# What tops everyones junk food list?



## livwire68 (Oct 2, 2006)

Guitarman, my Wife and I were down at the Fremont Street Experience last night having a few brews and smokin some sticks when we decided to head down to get some great food. Here is just the list for last night:
$.99 Hot dogs (not really anywhere on my list just cant beat the price)
$.99 Deep fried Oreo's or Twinkies some of lifes little pleasures :dr

This crappy little casino (Mermaids) also had $.99 fries and chocolate dipped bannana's. I also love deep fried pickles and regular lay's with hot sauce or popcorn with hot sauce. I am sure I will add more as it comes to me. What are some other great one's?


----------



## replicant_argent (May 13, 2006)

easy.. prepackaged, available...




Snickers.


----------



## mike32312 (Jan 26, 2006)

Mac & Cheese is my weakness. :tu


----------



## ResIpsa (Mar 8, 2006)

chicken wings.

Especially at the Anchor Bar in Buffalo NY, their birthplace.

if you've never experienced it, you should:tu


----------



## havana_lover (Feb 15, 2007)

boston market mac and chez yummy..


----------



## 68TriShield (May 15, 2006)

On the savory side...The Big Buford (once or twice a year but oh so good)
http://www.checkers.com/checkers_burgers.html

On the sweet side..Chocolate.


----------



## Major Captain Silly (May 24, 2007)

Ummmmm..........ahhhh.......CAKE!!


MCS


----------



## gromit (Jul 26, 2007)

Yodels, the original Drakes kind....not the crappy "Ho Ho's " that Hostess puts out.


----------



## adsantos13 (Oct 10, 2006)

puffed cheez doodles, cheez-its, onion rings, french fries, pork rinds, fried chicken....the list goes on, basically anything greasy, cheesy, or salty. I dont have much of a sweet tooth.


----------



## SUOrangeGuy (Feb 22, 2006)

pop tarts.


----------



## chippewastud79 (Sep 18, 2007)

Anything deep-fried and dipped in ranch sauce.


----------



## Nabinger16 (Aug 24, 2007)

I'm a fast food junkie! If you can pull up to a sign, order something, and pick it up at a window I love it!!! :dr Except fish, I don't eat fish. Especially fast food fish!u



chippewastud79 said:


> Anything deep-fried and dipped in ranch sauce.

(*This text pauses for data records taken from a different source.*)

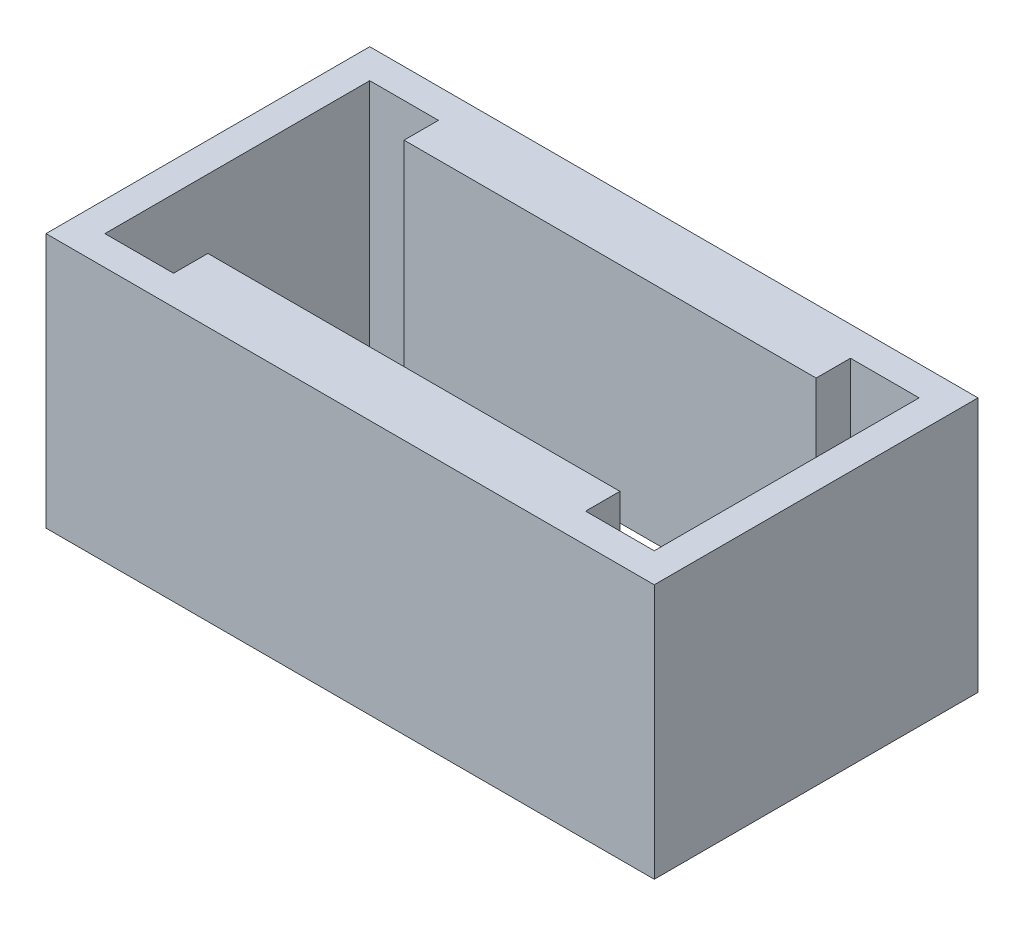
ISO-10303-21;
HEADER;
FILE_DESCRIPTION(('STEP AP214'),'2;1');
FILE_NAME('part.step','',(''),(''),'','','');
FILE_SCHEMA(('AUTOMOTIVE_DESIGN { 1 0 10303 214 1 1 1 1 }'));
ENDSEC;
DATA;
#1=APPLICATION_CONTEXT('core data for automotive mechanical design processes');
#2=APPLICATION_PROTOCOL_DEFINITION('international standard','automotive_design',2000,#1);
#3=PRODUCT_CONTEXT('',#1,'mechanical');
#4=PRODUCT('Part','Part','',(#3));
#5=PRODUCT_RELATED_PRODUCT_CATEGORY('part','',(#4));
#6=PRODUCT_DEFINITION_FORMATION('','',#4);
#7=PRODUCT_DEFINITION_CONTEXT('part definition',#1,'design');
#8=PRODUCT_DEFINITION('design','',#6,#7);
#9=PRODUCT_DEFINITION_SHAPE('','',#8);
#10=(LENGTH_UNIT() NAMED_UNIT(*) SI_UNIT(.MILLI.,.METRE.));
#11=(NAMED_UNIT(*) PLANE_ANGLE_UNIT() SI_UNIT($,.RADIAN.));
#12=(NAMED_UNIT(*) SI_UNIT($,.STERADIAN.) SOLID_ANGLE_UNIT());
#13=UNCERTAINTY_MEASURE_WITH_UNIT(LENGTH_MEASURE(1.E-05),#10,'distance_accuracy_value','');
#14=(GEOMETRIC_REPRESENTATION_CONTEXT(3) GLOBAL_UNCERTAINTY_ASSIGNED_CONTEXT((#13)) GLOBAL_UNIT_ASSIGNED_CONTEXT((#10,
#11,#12)) REPRESENTATION_CONTEXT('',''));
#15=CARTESIAN_POINT('',(0.,0.,0.));
#16=DIRECTION('',(0.,0.,1.));
#17=DIRECTION('',(1.,0.,0.));
#18=AXIS2_PLACEMENT_3D('',#15,#16,#17);
#19=CARTESIAN_POINT('',(10.5,13.,-6.75));
#20=DIRECTION('',(1.,0.,0.));
#21=DIRECTION('',(0.,0.,-1.));
#22=AXIS2_PLACEMENT_3D('',#19,#20,#21);
#23=PLANE('',#22);
#24=DIRECTION('',(0.,-1.,0.));
#25=VECTOR('',#24,1.);
#26=CARTESIAN_POINT('',(10.5,13.,-5.));
#27=LINE('',#26,#25);
#28=CARTESIAN_POINT('',(10.5,13.,-5.));
#29=VERTEX_POINT('',#28);
#30=CARTESIAN_POINT('',(10.5,1.6,-5.));
#31=VERTEX_POINT('',#30);
#32=EDGE_CURVE('E159',#29,#31,#27,.T.);
#33=ORIENTED_EDGE('',*,*,#32,.T.);
#34=DIRECTION('',(0.,0.,1.));
#35=VECTOR('',#34,1.);
#36=CARTESIAN_POINT('',(10.5,1.6,-6.75));
#37=LINE('',#36,#35);
#38=CARTESIAN_POINT('',(10.5,1.6,-6.75));
#39=VERTEX_POINT('',#38);
#40=EDGE_CURVE('E146',#39,#31,#37,.T.);
#41=ORIENTED_EDGE('',*,*,#40,.F.);
#42=DIRECTION('',(0.,-1.,0.));
#43=VECTOR('',#42,1.);
#44=CARTESIAN_POINT('',(10.5,13.,-6.75));
#45=LINE('',#44,#43);
#46=CARTESIAN_POINT('',(10.5,13.,-6.75));
#47=VERTEX_POINT('',#46);
#48=EDGE_CURVE('E156',#47,#39,#45,.T.);
#49=ORIENTED_EDGE('',*,*,#48,.F.);
#50=DIRECTION('',(0.,0.,1.));
#51=VECTOR('',#50,1.);
#52=CARTESIAN_POINT('',(10.5,13.,-6.75));
#53=LINE('',#52,#51);
#54=EDGE_CURVE('E436',#47,#29,#53,.T.);
#55=ORIENTED_EDGE('',*,*,#54,.T.);
#56=EDGE_LOOP('',(#33,#41,#49,#55));
#57=FACE_BOUND('',#56,.T.);
#58=ADVANCED_FACE('F33',(#57),#23,.T.);
#59=CARTESIAN_POINT('',(10.5,13.,-5.));
#60=DIRECTION('',(0.,0.,1.));
#61=DIRECTION('',(1.,0.,0.));
#62=AXIS2_PLACEMENT_3D('',#59,#60,#61);
#63=PLANE('',#62);
#64=DIRECTION('',(0.,-1.,0.));
#65=VECTOR('',#64,1.);
#66=CARTESIAN_POINT('',(-10.5,13.,-5.));
#67=LINE('',#66,#65);
#68=CARTESIAN_POINT('',(-10.5,13.,-5.));
#69=VERTEX_POINT('',#68);
#70=CARTESIAN_POINT('',(-10.5,1.6,-5.));
#71=VERTEX_POINT('',#70);
#72=EDGE_CURVE('E171',#69,#71,#67,.T.);
#73=ORIENTED_EDGE('',*,*,#72,.T.);
#74=DIRECTION('',(-1.,0.,0.));
#75=VECTOR('',#74,1.);
#76=CARTESIAN_POINT('',(10.5,1.6,-5.));
#77=LINE('',#76,#75);
#78=EDGE_CURVE('E160',#31,#71,#77,.T.);
#79=ORIENTED_EDGE('',*,*,#78,.F.);
#80=ORIENTED_EDGE('',*,*,#32,.F.);
#81=DIRECTION('',(-1.,0.,0.));
#82=VECTOR('',#81,1.);
#83=CARTESIAN_POINT('',(10.5,13.,-5.));
#84=LINE('',#83,#82);
#85=EDGE_CURVE('E434',#29,#69,#84,.T.);
#86=ORIENTED_EDGE('',*,*,#85,.T.);
#87=EDGE_LOOP('',(#73,#79,#80,#86));
#88=FACE_BOUND('',#87,.T.);
#89=ADVANCED_FACE('F239',(#88),#63,.T.);
#90=CARTESIAN_POINT('',(-10.5,13.,-6.75));
#91=DIRECTION('',(-1.,0.,0.));
#92=DIRECTION('',(0.,0.,1.));
#93=AXIS2_PLACEMENT_3D('',#90,#91,#92);
#94=PLANE('',#93);
#95=DIRECTION('',(0.,-1.,0.));
#96=VECTOR('',#95,1.);
#97=CARTESIAN_POINT('',(-10.5,13.,-6.75));
#98=LINE('',#97,#96);
#99=CARTESIAN_POINT('',(-10.5,13.,-6.75));
#100=VERTEX_POINT('',#99);
#101=CARTESIAN_POINT('',(-10.5,1.6,-6.75));
#102=VERTEX_POINT('',#101);
#103=EDGE_CURVE('E399',#100,#102,#98,.T.);
#104=ORIENTED_EDGE('',*,*,#103,.T.);
#105=DIRECTION('',(0.,0.,-1.));
#106=VECTOR('',#105,1.);
#107=CARTESIAN_POINT('',(-10.5,1.6,-6.75000000000001));
#108=LINE('',#107,#106);
#109=EDGE_CURVE('E48',#71,#102,#108,.T.);
#110=ORIENTED_EDGE('',*,*,#109,.F.);
#111=ORIENTED_EDGE('',*,*,#72,.F.);
#112=DIRECTION('',(0.,0.,-1.));
#113=VECTOR('',#112,1.);
#114=CARTESIAN_POINT('',(-10.5,13.,-6.75));
#115=LINE('',#114,#113);
#116=EDGE_CURVE('E403',#69,#100,#115,.T.);
#117=ORIENTED_EDGE('',*,*,#116,.T.);
#118=EDGE_LOOP('',(#104,#110,#111,#117));
#119=FACE_BOUND('',#118,.T.);
#120=ADVANCED_FACE('F244',(#119),#94,.T.);
#121=CARTESIAN_POINT('',(0.,13.,0.));
#122=DIRECTION('',(0.,1.,0.));
#123=DIRECTION('',(0.,0.,1.));
#124=AXIS2_PLACEMENT_3D('',#121,#122,#123);
#125=PLANE('',#124);
#126=DIRECTION('',(0.,0.,1.));
#127=VECTOR('',#126,1.);
#128=CARTESIAN_POINT('',(-15.5,13.,8.25));
#129=LINE('',#128,#127);
#130=CARTESIAN_POINT('',(-15.5,13.,-8.25));
#131=VERTEX_POINT('',#130);
#132=CARTESIAN_POINT('',(-15.5,13.,8.25));
#133=VERTEX_POINT('',#132);
#134=EDGE_CURVE('E186',#131,#133,#129,.T.);
#135=ORIENTED_EDGE('',*,*,#134,.T.);
#136=DIRECTION('',(1.,0.,0.));
#137=VECTOR('',#136,1.);
#138=CARTESIAN_POINT('',(15.5,13.,8.25));
#139=LINE('',#138,#137);
#140=CARTESIAN_POINT('',(15.5,13.,8.25));
#141=VERTEX_POINT('',#140);
#142=EDGE_CURVE('E189',#133,#141,#139,.T.);
#143=ORIENTED_EDGE('',*,*,#142,.T.);
#144=DIRECTION('',(0.,0.,-1.));
#145=VECTOR('',#144,1.);
#146=CARTESIAN_POINT('',(15.5,13.,8.25));
#147=LINE('',#146,#145);
#148=CARTESIAN_POINT('',(15.5,13.,-8.25));
#149=VERTEX_POINT('',#148);
#150=EDGE_CURVE('E192',#141,#149,#147,.T.);
#151=ORIENTED_EDGE('',*,*,#150,.T.);
#152=DIRECTION('',(-1.,0.,0.));
#153=VECTOR('',#152,1.);
#154=CARTESIAN_POINT('',(15.5,13.,-8.25));
#155=LINE('',#154,#153);
#156=EDGE_CURVE('E194',#149,#131,#155,.T.);
#157=ORIENTED_EDGE('',*,*,#156,.T.);
#158=EDGE_LOOP('',(#135,#143,#151,#157));
#159=FACE_BOUND('',#158,.T.);
#160=DIRECTION('',(1.,0.,0.));
#161=VECTOR('',#160,1.);
#162=CARTESIAN_POINT('',(10.5,13.,5.));
#163=LINE('',#162,#161);
#164=CARTESIAN_POINT('',(-10.5,13.,5.));
#165=VERTEX_POINT('',#164);
#166=CARTESIAN_POINT('',(10.5,13.,5.));
#167=VERTEX_POINT('',#166);
#168=EDGE_CURVE('E445',#165,#167,#163,.T.);
#169=ORIENTED_EDGE('',*,*,#168,.F.);
#170=DIRECTION('',(0.,0.,-1.));
#171=VECTOR('',#170,1.);
#172=CARTESIAN_POINT('',(-10.5,13.,6.75));
#173=LINE('',#172,#171);
#174=CARTESIAN_POINT('',(-10.5,13.,6.75));
#175=VERTEX_POINT('',#174);
#176=EDGE_CURVE('E418',#175,#165,#173,.T.);
#177=ORIENTED_EDGE('',*,*,#176,.F.);
#178=DIRECTION('',(1.,0.,0.));
#179=VECTOR('',#178,1.);
#180=CARTESIAN_POINT('',(-10.5,13.,6.75));
#181=LINE('',#180,#179);
#182=CARTESIAN_POINT('',(-14.,13.,6.75));
#183=VERTEX_POINT('',#182);
#184=EDGE_CURVE('E414',#183,#175,#181,.T.);
#185=ORIENTED_EDGE('',*,*,#184,.F.);
#186=DIRECTION('',(0.,0.,1.));
#187=VECTOR('',#186,1.);
#188=CARTESIAN_POINT('',(-14.,13.,6.75));
#189=LINE('',#188,#187);
#190=CARTESIAN_POINT('',(-14.,13.,-6.75));
#191=VERTEX_POINT('',#190);
#192=EDGE_CURVE('E429',#191,#183,#189,.T.);
#193=ORIENTED_EDGE('',*,*,#192,.F.);
#194=DIRECTION('',(-1.,0.,0.));
#195=VECTOR('',#194,1.);
#196=CARTESIAN_POINT('',(-10.5,13.,-6.75));
#197=LINE('',#196,#195);
#198=EDGE_CURVE('E431',#100,#191,#197,.T.);
#199=ORIENTED_EDGE('',*,*,#198,.F.);
#200=ORIENTED_EDGE('',*,*,#116,.F.);
#201=ORIENTED_EDGE('',*,*,#85,.F.);
#202=ORIENTED_EDGE('',*,*,#54,.F.);
#203=DIRECTION('',(-1.,0.,0.));
#204=VECTOR('',#203,1.);
#205=CARTESIAN_POINT('',(10.5,13.,-6.75));
#206=LINE('',#205,#204);
#207=CARTESIAN_POINT('',(14.,13.,-6.75));
#208=VERTEX_POINT('',#207);
#209=EDGE_CURVE('E166',#208,#47,#206,.T.);
#210=ORIENTED_EDGE('',*,*,#209,.F.);
#211=DIRECTION('',(0.,0.,-1.));
#212=VECTOR('',#211,1.);
#213=CARTESIAN_POINT('',(14.,13.,6.75));
#214=LINE('',#213,#212);
#215=CARTESIAN_POINT('',(14.,13.,6.75));
#216=VERTEX_POINT('',#215);
#217=EDGE_CURVE('E439',#216,#208,#214,.T.);
#218=ORIENTED_EDGE('',*,*,#217,.F.);
#219=DIRECTION('',(1.,0.,0.));
#220=VECTOR('',#219,1.);
#221=CARTESIAN_POINT('',(10.5,13.,6.75));
#222=LINE('',#221,#220);
#223=CARTESIAN_POINT('',(10.5,13.,6.75));
#224=VERTEX_POINT('',#223);
#225=EDGE_CURVE('E441',#224,#216,#222,.T.);
#226=ORIENTED_EDGE('',*,*,#225,.F.);
#227=DIRECTION('',(0.,0.,1.));
#228=VECTOR('',#227,1.);
#229=CARTESIAN_POINT('',(10.5,13.,5.));
#230=LINE('',#229,#228);
#231=EDGE_CURVE('E443',#167,#224,#230,.T.);
#232=ORIENTED_EDGE('',*,*,#231,.F.);
#233=EDGE_LOOP('',(#169,#177,#185,#193,#199,#200,#201,#202,#210,#218,#226,#232));
#234=FACE_BOUND('',#233,.T.);
#235=ADVANCED_FACE('F229',(#159,#234),#125,.T.);
#236=CARTESIAN_POINT('',(0.,0.,0.));
#237=DIRECTION('',(0.,1.,0.));
#238=DIRECTION('',(0.,0.,1.));
#239=AXIS2_PLACEMENT_3D('',#236,#237,#238);
#240=PLANE('',#239);
#241=DIRECTION('',(0.,0.,1.));
#242=VECTOR('',#241,1.);
#243=CARTESIAN_POINT('',(-15.5,0.,8.25));
#244=LINE('',#243,#242);
#245=CARTESIAN_POINT('',(-15.5,0.,-8.25));
#246=VERTEX_POINT('',#245);
#247=CARTESIAN_POINT('',(-15.5,0.,8.25));
#248=VERTEX_POINT('',#247);
#249=EDGE_CURVE('E185',#246,#248,#244,.T.);
#250=ORIENTED_EDGE('',*,*,#249,.F.);
#251=DIRECTION('',(-1.,0.,0.));
#252=VECTOR('',#251,1.);
#253=CARTESIAN_POINT('',(15.5,0.,-8.25));
#254=LINE('',#253,#252);
#255=CARTESIAN_POINT('',(15.5,0.,-8.25));
#256=VERTEX_POINT('',#255);
#257=EDGE_CURVE('E190',#256,#246,#254,.T.);
#258=ORIENTED_EDGE('',*,*,#257,.F.);
#259=DIRECTION('',(0.,0.,-1.));
#260=VECTOR('',#259,1.);
#261=CARTESIAN_POINT('',(15.5,0.,8.25));
#262=LINE('',#261,#260);
#263=CARTESIAN_POINT('',(15.5,0.,8.25));
#264=VERTEX_POINT('',#263);
#265=EDGE_CURVE('E201',#264,#256,#262,.T.);
#266=ORIENTED_EDGE('',*,*,#265,.F.);
#267=DIRECTION('',(1.,0.,0.));
#268=VECTOR('',#267,1.);
#269=CARTESIAN_POINT('',(15.5,0.,8.25));
#270=LINE('',#269,#268);
#271=EDGE_CURVE('E199',#248,#264,#270,.T.);
#272=ORIENTED_EDGE('',*,*,#271,.F.);
#273=EDGE_LOOP('',(#250,#258,#266,#272));
#274=FACE_BOUND('',#273,.T.);
#275=DIRECTION('',(-1.,0.,0.));
#276=VECTOR('',#275,1.);
#277=CARTESIAN_POINT('',(10.5,0.,-6.75));
#278=LINE('',#277,#276);
#279=CARTESIAN_POINT('',(14.,0.,-6.75));
#280=VERTEX_POINT('',#279);
#281=CARTESIAN_POINT('',(-14.,0.,-6.75));
#282=VERTEX_POINT('',#281);
#283=EDGE_CURVE('E419',#280,#282,#278,.T.);
#284=ORIENTED_EDGE('',*,*,#283,.T.);
#285=DIRECTION('',(0.,0.,1.));
#286=VECTOR('',#285,1.);
#287=CARTESIAN_POINT('',(-14.,0.,6.75));
#288=LINE('',#287,#286);
#289=CARTESIAN_POINT('',(-14.,0.,6.75));
#290=VERTEX_POINT('',#289);
#291=EDGE_CURVE('E415',#282,#290,#288,.T.);
#292=ORIENTED_EDGE('',*,*,#291,.T.);
#293=DIRECTION('',(1.,0.,0.));
#294=VECTOR('',#293,1.);
#295=CARTESIAN_POINT('',(10.5,0.,6.75));
#296=LINE('',#295,#294);
#297=CARTESIAN_POINT('',(14.,0.,6.75));
#298=VERTEX_POINT('',#297);
#299=EDGE_CURVE('E424',#290,#298,#296,.T.);
#300=ORIENTED_EDGE('',*,*,#299,.T.);
#301=DIRECTION('',(0.,0.,-1.));
#302=VECTOR('',#301,1.);
#303=CARTESIAN_POINT('',(14.,0.,6.75));
#304=LINE('',#303,#302);
#305=EDGE_CURVE('E421',#298,#280,#304,.T.);
#306=ORIENTED_EDGE('',*,*,#305,.T.);
#307=EDGE_LOOP('',(#284,#292,#300,#306));
#308=FACE_BOUND('',#307,.T.);
#309=ADVANCED_FACE('F219',(#274,#308),#240,.F.);
#310=CARTESIAN_POINT('',(-15.5,13.,8.25));
#311=DIRECTION('',(1.,0.,0.));
#312=DIRECTION('',(0.,0.,-1.));
#313=AXIS2_PLACEMENT_3D('',#310,#311,#312);
#314=PLANE('',#313);
#315=ORIENTED_EDGE('',*,*,#249,.T.);
#316=DIRECTION('',(0.,-1.,0.));
#317=VECTOR('',#316,1.);
#318=CARTESIAN_POINT('',(-15.5,13.,8.25));
#319=LINE('',#318,#317);
#320=EDGE_CURVE('E11',#133,#248,#319,.T.);
#321=ORIENTED_EDGE('',*,*,#320,.F.);
#322=ORIENTED_EDGE('',*,*,#134,.F.);
#323=DIRECTION('',(0.,-1.,0.));
#324=VECTOR('',#323,1.);
#325=CARTESIAN_POINT('',(-15.5,13.,-8.25));
#326=LINE('',#325,#324);
#327=EDGE_CURVE('E196',#131,#246,#326,.T.);
#328=ORIENTED_EDGE('',*,*,#327,.T.);
#329=EDGE_LOOP('',(#315,#321,#322,#328));
#330=FACE_BOUND('',#329,.T.);
#331=ADVANCED_FACE('F35',(#330),#314,.F.);
#332=CARTESIAN_POINT('',(15.5,13.,8.25));
#333=DIRECTION('',(0.,0.,-1.));
#334=DIRECTION('',(-1.,0.,0.));
#335=AXIS2_PLACEMENT_3D('',#332,#333,#334);
#336=PLANE('',#335);
#337=ORIENTED_EDGE('',*,*,#271,.T.);
#338=DIRECTION('',(0.,-1.,0.));
#339=VECTOR('',#338,1.);
#340=CARTESIAN_POINT('',(15.5,13.,8.25));
#341=LINE('',#340,#339);
#342=EDGE_CURVE('E41',#141,#264,#341,.T.);
#343=ORIENTED_EDGE('',*,*,#342,.F.);
#344=ORIENTED_EDGE('',*,*,#142,.F.);
#345=ORIENTED_EDGE('',*,*,#320,.T.);
#346=EDGE_LOOP('',(#337,#343,#344,#345));
#347=FACE_BOUND('',#346,.T.);
#348=ADVANCED_FACE('F231',(#347),#336,.F.);
#349=CARTESIAN_POINT('',(15.5,13.,8.25));
#350=DIRECTION('',(-1.,0.,0.));
#351=DIRECTION('',(0.,0.,1.));
#352=AXIS2_PLACEMENT_3D('',#349,#350,#351);
#353=PLANE('',#352);
#354=ORIENTED_EDGE('',*,*,#265,.T.);
#355=DIRECTION('',(0.,-1.,0.));
#356=VECTOR('',#355,1.);
#357=CARTESIAN_POINT('',(15.5,13.,-8.25));
#358=LINE('',#357,#356);
#359=EDGE_CURVE('E206',#149,#256,#358,.T.);
#360=ORIENTED_EDGE('',*,*,#359,.F.);
#361=ORIENTED_EDGE('',*,*,#150,.F.);
#362=ORIENTED_EDGE('',*,*,#342,.T.);
#363=EDGE_LOOP('',(#354,#360,#361,#362));
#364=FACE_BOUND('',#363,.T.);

I think we are long lost brothers


----------



## billybarue (Mar 20, 2006)

I wouldn't call them "junk food"; just not the healthiest stuff in the world, but for me it is BBQ and Chili.


----------



## taltos (Feb 28, 2006)

Have to go with the fries and onion rings from Dube's in Salem,MA.


----------



## Twill413 (Jul 19, 2006)

Cheetos. And also queso dip with chips.


----------



## sailchaser (Jun 16, 2007)

Chili and cheese topped burnt season fries from Gilbert's Lodge in Mi. Heart Attack on a Plate but they are Great


----------



## icehog3 (Feb 20, 2005)

Portillo's chili dogs, and Giordano's pizza.


----------



## Cigary (Oct 19, 2007)

Chips and salsa,,,,real mexican salsa and not that crap in a bottle they sell in the store!


----------



## boonedoggle (Jun 23, 2006)

Twinkie! :dr


----------



## Kiwi Michelle (Aug 2, 2006)

Fish ( fresh snapper) and chips every Friday night from Oceanz in Silverdale!!:tu:dr

Pretty much anything that I shouldn't have....:hn


----------



## ca21455 (Jul 23, 2006)

Chicken Pot Pie, 1000 calories and 250% fat. Yum! :dr


----------



## Mrs.Smokinpoke (Sep 28, 2007)

Tortilla chips and guacamole.


----------



## Kiwi Michelle (Aug 2, 2006)

Fish ( fresh snapper) and chips every Friday night from Oceanz in Silverdale!!:tu:dr

Pretty much anything that I shouldn't have....:hn


----------



## booboo (Aug 30, 2006)

M&M's peanut.


----------



## icehog3 (Feb 20, 2005)

Kiwi Michelle said:


> Fish ( fresh snapper) and chips every Friday night from Oceanz in Silverdale!!:tu:dr
> 
> Pretty much anything that I shouldn't have....:hn


So good you posted it twice!!! 

MMMM.....fresh snapper......


----------



## Kiwi Michelle (Aug 2, 2006)

icehog3 said:


> So good you posted it twice!!!
> 
> MMMM.....fresh snapper......


Damn computer..........I think I got my point across the first time..... 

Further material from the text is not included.